> TASK REQUIREMENTS
Lines after the one containing "settings DebuggingCC: SaveWithParameterizedLinksMsg=none" are to be omitted; print exactly each line from the start of the records up to and including it.

> Records drawn from a dataset
○ ○ ○ ○
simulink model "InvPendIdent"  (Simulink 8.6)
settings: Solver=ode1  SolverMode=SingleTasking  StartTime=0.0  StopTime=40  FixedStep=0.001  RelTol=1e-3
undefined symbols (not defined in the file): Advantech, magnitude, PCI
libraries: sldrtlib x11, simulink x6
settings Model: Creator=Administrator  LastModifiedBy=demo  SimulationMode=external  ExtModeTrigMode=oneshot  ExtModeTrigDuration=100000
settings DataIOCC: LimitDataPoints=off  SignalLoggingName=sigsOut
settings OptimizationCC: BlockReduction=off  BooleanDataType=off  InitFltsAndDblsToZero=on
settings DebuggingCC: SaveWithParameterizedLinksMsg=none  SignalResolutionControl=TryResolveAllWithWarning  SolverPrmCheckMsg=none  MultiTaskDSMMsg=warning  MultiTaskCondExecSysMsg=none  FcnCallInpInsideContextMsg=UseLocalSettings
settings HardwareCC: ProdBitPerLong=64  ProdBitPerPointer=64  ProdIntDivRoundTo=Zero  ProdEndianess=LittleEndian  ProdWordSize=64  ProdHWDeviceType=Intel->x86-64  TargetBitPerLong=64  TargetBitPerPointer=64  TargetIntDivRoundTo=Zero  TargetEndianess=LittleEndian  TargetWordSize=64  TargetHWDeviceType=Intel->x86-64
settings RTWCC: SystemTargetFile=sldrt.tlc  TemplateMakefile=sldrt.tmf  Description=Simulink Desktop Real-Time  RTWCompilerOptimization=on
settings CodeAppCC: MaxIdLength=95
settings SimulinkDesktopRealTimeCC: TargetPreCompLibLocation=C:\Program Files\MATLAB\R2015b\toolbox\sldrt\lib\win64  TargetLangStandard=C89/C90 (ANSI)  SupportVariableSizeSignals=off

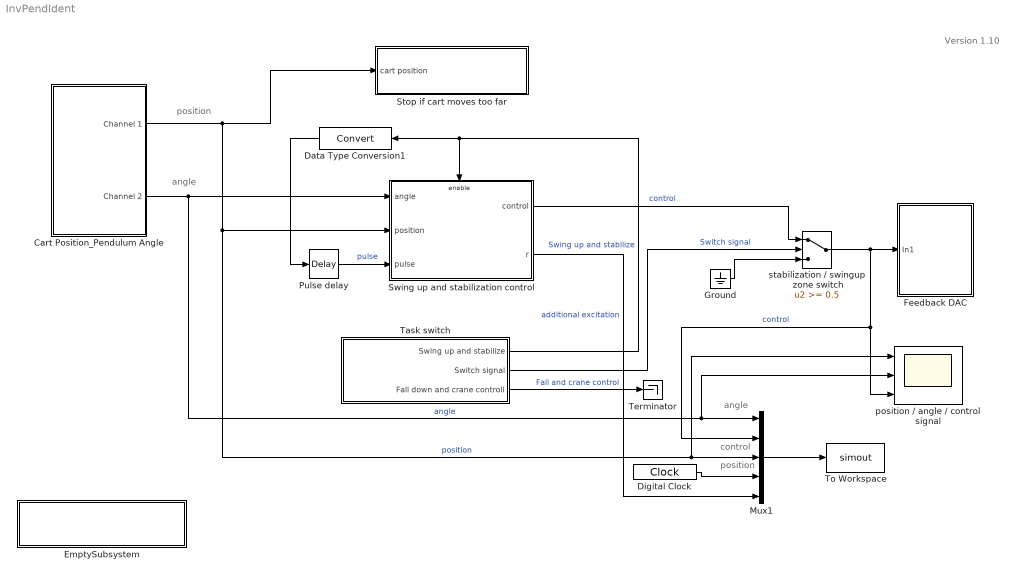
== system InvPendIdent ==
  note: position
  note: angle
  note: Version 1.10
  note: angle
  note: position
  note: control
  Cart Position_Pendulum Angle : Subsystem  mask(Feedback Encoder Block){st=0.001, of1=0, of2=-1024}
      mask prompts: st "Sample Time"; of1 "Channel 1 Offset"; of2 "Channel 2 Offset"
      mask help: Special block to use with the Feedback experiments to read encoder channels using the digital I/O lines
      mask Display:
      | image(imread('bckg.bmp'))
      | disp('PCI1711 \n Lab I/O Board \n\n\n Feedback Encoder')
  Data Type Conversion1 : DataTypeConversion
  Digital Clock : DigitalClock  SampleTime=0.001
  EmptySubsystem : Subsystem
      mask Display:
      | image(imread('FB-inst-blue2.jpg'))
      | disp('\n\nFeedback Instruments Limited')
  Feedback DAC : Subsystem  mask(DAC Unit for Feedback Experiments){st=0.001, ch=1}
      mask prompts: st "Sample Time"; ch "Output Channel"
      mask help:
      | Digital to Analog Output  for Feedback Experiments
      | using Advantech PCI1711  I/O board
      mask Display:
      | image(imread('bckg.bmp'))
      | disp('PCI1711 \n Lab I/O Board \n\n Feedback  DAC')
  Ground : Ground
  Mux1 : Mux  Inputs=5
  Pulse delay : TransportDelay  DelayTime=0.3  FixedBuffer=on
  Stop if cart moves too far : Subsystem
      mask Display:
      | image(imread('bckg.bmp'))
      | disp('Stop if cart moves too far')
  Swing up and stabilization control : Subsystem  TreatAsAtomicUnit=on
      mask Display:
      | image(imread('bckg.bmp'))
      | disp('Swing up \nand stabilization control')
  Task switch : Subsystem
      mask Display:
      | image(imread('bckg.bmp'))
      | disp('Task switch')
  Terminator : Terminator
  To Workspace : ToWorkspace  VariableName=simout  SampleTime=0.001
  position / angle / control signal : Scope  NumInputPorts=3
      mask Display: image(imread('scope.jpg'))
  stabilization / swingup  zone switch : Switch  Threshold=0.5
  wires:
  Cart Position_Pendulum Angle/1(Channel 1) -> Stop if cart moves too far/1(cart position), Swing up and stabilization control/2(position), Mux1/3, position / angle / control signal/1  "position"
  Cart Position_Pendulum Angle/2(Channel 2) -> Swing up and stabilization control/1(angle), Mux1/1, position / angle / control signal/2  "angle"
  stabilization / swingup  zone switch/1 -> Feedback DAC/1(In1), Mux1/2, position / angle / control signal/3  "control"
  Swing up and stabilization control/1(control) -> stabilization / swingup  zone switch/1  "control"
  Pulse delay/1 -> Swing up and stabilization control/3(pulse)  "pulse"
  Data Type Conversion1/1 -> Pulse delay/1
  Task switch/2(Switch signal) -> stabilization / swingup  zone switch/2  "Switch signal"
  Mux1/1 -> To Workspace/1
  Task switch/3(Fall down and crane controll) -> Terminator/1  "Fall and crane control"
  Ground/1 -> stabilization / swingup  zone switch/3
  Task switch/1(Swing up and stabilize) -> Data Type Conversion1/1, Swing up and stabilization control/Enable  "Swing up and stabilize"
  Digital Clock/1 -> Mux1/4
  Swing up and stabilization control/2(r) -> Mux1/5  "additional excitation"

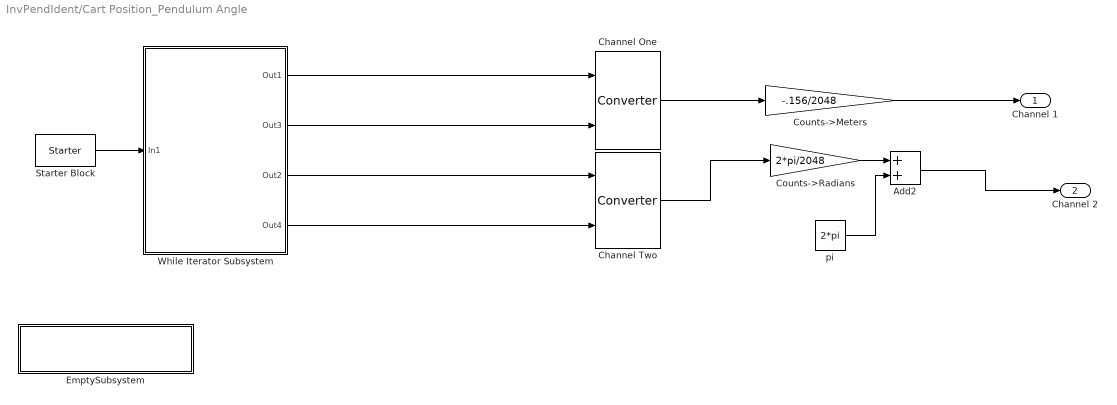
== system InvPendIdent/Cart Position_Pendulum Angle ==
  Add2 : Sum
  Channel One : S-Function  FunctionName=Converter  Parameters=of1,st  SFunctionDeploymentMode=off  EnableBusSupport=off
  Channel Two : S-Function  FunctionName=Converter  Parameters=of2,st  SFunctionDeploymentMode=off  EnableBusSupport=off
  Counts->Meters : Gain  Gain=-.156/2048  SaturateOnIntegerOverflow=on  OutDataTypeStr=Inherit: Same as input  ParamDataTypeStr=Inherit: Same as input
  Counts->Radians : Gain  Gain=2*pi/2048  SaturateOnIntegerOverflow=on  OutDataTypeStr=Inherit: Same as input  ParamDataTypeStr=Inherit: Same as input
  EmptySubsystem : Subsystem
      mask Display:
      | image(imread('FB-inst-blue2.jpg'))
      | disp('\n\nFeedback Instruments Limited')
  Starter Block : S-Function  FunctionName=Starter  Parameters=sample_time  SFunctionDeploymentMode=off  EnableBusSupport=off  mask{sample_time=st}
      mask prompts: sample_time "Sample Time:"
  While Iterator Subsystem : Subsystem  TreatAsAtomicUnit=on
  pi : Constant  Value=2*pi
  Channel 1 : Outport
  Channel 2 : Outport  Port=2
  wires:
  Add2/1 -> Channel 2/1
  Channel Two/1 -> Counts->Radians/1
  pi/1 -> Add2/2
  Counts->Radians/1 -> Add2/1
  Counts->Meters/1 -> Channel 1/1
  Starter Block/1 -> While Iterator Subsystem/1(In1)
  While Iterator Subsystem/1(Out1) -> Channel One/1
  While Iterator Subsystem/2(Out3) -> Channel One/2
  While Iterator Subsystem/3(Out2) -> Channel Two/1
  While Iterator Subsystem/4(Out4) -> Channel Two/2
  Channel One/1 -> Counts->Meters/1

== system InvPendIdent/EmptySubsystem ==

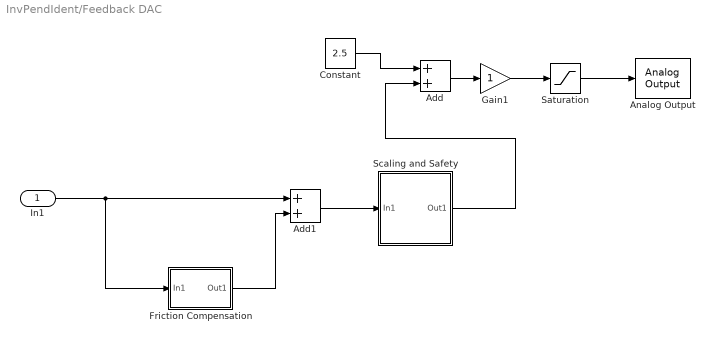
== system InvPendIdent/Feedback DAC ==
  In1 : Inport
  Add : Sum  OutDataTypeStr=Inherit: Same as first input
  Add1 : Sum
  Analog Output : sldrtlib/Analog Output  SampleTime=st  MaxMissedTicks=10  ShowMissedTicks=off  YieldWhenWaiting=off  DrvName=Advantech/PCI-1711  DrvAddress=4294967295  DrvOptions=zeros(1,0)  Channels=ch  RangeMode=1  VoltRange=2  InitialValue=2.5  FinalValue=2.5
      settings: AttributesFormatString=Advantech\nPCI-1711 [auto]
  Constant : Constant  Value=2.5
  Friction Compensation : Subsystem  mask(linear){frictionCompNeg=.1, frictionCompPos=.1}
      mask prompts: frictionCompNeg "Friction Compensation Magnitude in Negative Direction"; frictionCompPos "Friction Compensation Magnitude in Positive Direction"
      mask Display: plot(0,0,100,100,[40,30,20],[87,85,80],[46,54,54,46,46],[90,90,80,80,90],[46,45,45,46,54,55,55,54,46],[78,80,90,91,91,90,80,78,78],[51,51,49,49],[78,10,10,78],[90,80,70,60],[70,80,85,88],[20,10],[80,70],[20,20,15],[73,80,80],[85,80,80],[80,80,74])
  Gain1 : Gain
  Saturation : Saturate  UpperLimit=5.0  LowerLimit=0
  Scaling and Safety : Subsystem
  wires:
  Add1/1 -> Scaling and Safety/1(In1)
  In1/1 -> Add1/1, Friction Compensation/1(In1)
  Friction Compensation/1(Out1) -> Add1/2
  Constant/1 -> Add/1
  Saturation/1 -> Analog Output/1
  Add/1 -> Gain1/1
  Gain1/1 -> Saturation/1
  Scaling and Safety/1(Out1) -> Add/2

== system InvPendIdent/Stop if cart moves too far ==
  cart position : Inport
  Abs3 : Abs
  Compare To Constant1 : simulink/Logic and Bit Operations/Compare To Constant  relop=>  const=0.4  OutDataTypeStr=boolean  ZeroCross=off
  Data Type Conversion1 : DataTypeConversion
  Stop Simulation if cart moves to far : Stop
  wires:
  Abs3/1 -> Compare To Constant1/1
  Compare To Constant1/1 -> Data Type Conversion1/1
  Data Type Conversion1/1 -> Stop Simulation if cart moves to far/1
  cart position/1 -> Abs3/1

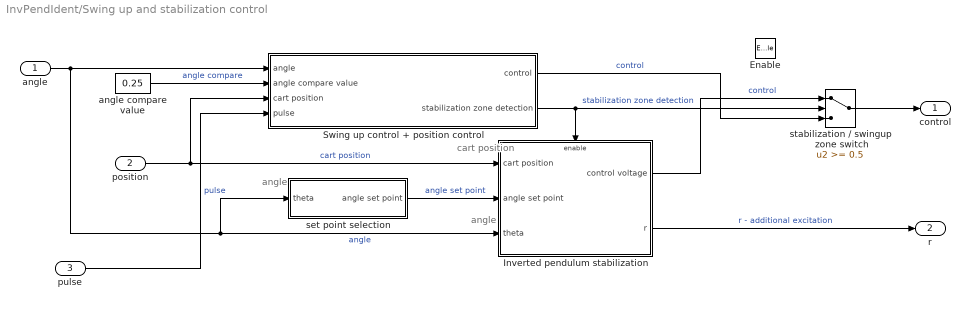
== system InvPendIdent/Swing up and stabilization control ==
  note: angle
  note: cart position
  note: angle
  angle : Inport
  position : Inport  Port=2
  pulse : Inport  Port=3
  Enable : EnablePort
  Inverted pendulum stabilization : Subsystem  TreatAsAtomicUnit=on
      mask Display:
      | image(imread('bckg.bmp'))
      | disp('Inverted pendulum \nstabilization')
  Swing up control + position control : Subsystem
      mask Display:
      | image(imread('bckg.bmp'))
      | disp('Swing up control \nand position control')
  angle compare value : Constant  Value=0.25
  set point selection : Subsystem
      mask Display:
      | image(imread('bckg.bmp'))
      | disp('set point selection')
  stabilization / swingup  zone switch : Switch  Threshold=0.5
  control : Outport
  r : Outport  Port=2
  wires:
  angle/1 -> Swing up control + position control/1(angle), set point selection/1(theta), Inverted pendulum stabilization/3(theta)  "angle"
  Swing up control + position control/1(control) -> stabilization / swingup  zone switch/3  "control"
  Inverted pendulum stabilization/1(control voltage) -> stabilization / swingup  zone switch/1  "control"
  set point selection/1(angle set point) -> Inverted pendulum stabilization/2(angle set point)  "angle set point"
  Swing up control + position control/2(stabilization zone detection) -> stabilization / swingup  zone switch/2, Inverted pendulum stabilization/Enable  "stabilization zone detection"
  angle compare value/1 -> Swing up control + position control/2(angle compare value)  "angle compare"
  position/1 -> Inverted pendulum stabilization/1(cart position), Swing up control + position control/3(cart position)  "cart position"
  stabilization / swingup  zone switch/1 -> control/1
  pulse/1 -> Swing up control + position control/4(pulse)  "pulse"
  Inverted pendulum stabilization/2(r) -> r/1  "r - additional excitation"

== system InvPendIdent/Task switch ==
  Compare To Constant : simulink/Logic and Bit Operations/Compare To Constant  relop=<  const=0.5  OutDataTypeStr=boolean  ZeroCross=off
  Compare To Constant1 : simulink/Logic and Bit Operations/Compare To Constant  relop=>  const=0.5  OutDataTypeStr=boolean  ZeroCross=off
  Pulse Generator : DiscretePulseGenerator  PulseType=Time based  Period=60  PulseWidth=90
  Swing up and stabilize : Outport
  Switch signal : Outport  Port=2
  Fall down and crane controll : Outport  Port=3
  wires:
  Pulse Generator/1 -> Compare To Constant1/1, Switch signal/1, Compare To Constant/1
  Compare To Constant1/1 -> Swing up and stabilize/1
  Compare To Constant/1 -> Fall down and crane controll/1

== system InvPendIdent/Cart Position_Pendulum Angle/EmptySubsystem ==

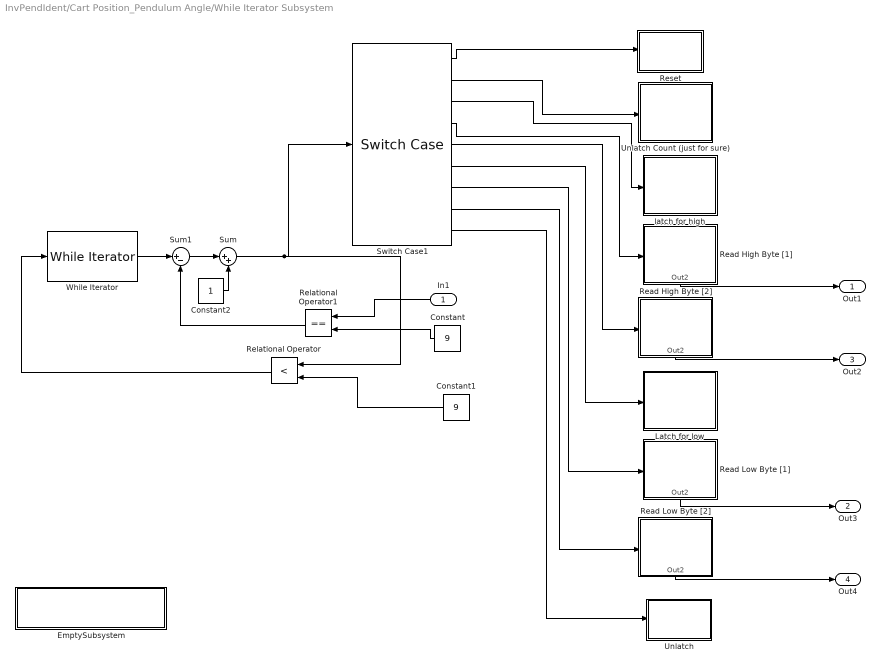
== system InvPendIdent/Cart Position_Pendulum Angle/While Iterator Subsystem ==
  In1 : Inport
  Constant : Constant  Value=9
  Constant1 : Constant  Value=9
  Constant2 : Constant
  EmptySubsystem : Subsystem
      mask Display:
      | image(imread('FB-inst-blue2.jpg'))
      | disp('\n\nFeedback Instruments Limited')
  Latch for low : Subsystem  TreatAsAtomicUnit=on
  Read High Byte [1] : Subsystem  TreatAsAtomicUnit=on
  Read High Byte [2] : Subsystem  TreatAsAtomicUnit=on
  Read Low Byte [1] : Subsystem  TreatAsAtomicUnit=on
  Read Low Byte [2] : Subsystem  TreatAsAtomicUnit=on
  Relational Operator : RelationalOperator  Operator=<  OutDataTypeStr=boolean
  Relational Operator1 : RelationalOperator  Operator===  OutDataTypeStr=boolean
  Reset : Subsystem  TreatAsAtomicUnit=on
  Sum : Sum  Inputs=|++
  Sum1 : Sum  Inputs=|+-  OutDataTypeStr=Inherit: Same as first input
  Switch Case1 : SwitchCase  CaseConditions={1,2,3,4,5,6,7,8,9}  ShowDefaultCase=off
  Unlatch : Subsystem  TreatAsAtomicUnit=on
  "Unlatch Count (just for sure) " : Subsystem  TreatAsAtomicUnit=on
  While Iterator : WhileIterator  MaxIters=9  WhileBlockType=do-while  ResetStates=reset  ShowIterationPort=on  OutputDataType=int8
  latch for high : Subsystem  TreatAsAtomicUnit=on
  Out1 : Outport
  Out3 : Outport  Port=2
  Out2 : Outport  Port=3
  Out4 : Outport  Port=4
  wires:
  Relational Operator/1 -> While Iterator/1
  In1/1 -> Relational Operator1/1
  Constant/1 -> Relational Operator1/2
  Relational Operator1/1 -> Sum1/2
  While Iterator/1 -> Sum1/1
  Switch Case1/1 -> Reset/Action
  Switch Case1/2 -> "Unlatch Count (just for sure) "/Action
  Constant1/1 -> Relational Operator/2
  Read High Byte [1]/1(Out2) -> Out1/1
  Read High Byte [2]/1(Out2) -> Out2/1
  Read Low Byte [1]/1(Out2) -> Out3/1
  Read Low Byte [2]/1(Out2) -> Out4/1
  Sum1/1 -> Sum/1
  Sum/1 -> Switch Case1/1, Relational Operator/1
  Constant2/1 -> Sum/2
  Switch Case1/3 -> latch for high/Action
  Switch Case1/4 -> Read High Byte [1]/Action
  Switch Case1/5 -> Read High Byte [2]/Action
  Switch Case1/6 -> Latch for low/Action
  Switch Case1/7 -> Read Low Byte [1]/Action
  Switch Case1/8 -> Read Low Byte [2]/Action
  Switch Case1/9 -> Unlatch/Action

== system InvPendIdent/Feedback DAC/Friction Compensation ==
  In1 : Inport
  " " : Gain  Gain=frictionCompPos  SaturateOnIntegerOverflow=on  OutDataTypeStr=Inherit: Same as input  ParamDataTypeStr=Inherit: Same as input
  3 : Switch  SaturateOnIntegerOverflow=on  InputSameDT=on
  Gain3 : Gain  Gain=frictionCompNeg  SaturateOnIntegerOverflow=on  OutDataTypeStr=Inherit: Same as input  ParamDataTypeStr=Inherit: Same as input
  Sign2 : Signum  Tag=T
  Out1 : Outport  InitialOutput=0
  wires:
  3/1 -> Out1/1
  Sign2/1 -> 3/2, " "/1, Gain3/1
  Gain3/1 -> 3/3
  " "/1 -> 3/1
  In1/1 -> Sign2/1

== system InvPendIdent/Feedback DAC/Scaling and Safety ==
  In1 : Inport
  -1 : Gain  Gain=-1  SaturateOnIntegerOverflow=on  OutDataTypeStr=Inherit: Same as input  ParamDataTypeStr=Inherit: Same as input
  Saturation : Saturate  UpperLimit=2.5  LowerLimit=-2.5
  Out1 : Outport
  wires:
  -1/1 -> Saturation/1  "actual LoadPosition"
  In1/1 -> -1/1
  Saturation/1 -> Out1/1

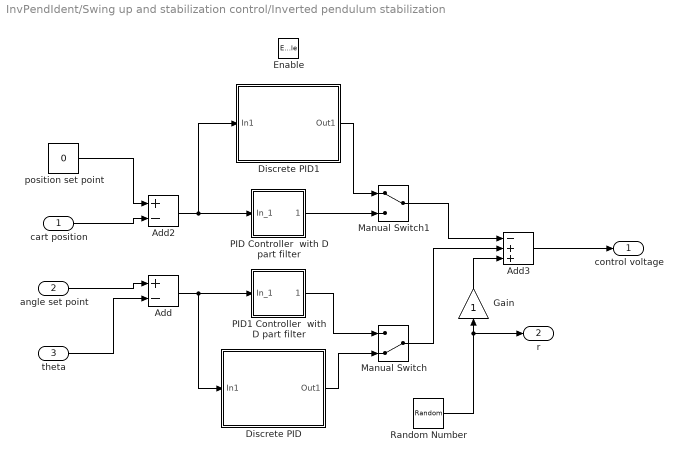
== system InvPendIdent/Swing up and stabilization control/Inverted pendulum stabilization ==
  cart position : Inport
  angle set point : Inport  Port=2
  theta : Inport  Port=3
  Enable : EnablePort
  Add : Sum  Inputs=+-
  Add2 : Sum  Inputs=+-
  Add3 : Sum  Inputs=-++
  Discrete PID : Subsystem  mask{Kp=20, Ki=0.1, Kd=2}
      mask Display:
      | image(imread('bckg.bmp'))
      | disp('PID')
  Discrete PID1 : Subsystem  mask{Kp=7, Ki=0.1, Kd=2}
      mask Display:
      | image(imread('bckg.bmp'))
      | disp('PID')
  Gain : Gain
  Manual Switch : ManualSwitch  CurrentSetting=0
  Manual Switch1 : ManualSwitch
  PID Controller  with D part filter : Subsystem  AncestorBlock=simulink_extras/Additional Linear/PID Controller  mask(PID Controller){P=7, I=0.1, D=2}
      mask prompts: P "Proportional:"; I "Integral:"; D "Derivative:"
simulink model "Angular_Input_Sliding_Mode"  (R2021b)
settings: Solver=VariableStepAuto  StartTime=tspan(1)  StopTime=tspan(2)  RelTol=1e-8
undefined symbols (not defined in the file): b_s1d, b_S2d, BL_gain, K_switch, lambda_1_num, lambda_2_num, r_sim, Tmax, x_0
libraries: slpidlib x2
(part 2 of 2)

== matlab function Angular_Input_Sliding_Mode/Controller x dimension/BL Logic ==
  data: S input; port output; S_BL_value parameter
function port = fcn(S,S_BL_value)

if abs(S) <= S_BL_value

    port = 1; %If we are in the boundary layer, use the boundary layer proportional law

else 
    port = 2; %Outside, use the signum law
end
○ ○ ○ ○
> TASK RESULT
simulink model "InvPendIdent"  (Simulink 8.6)
settings: Solver=ode1  SolverMode=SingleTasking  StartTime=0.0  StopTime=40  FixedStep=0.001  RelTol=1e-3
undefined symbols (not defined in the file): Advantech, magnitude, PCI
libraries: sldrtlib x11, simulink x6
settings Model: Creator=Administrator  LastModifiedBy=demo  SimulationMode=external  ExtModeTrigMode=oneshot  ExtModeTrigDuration=100000
settings DataIOCC: LimitDataPoints=off  SignalLoggingName=sigsOut
settings OptimizationCC: BlockReduction=off  BooleanDataType=off  InitFltsAndDblsToZero=on
settings DebuggingCC: SaveWithParameterizedLinksMsg=none  SignalResolutionControl=TryResolveAllWithWarning  SolverPrmCheckMsg=none  MultiTaskDSMMsg=warning  MultiTaskCondExecSysMsg=none  FcnCallInpInsideContextMsg=UseLocalSettings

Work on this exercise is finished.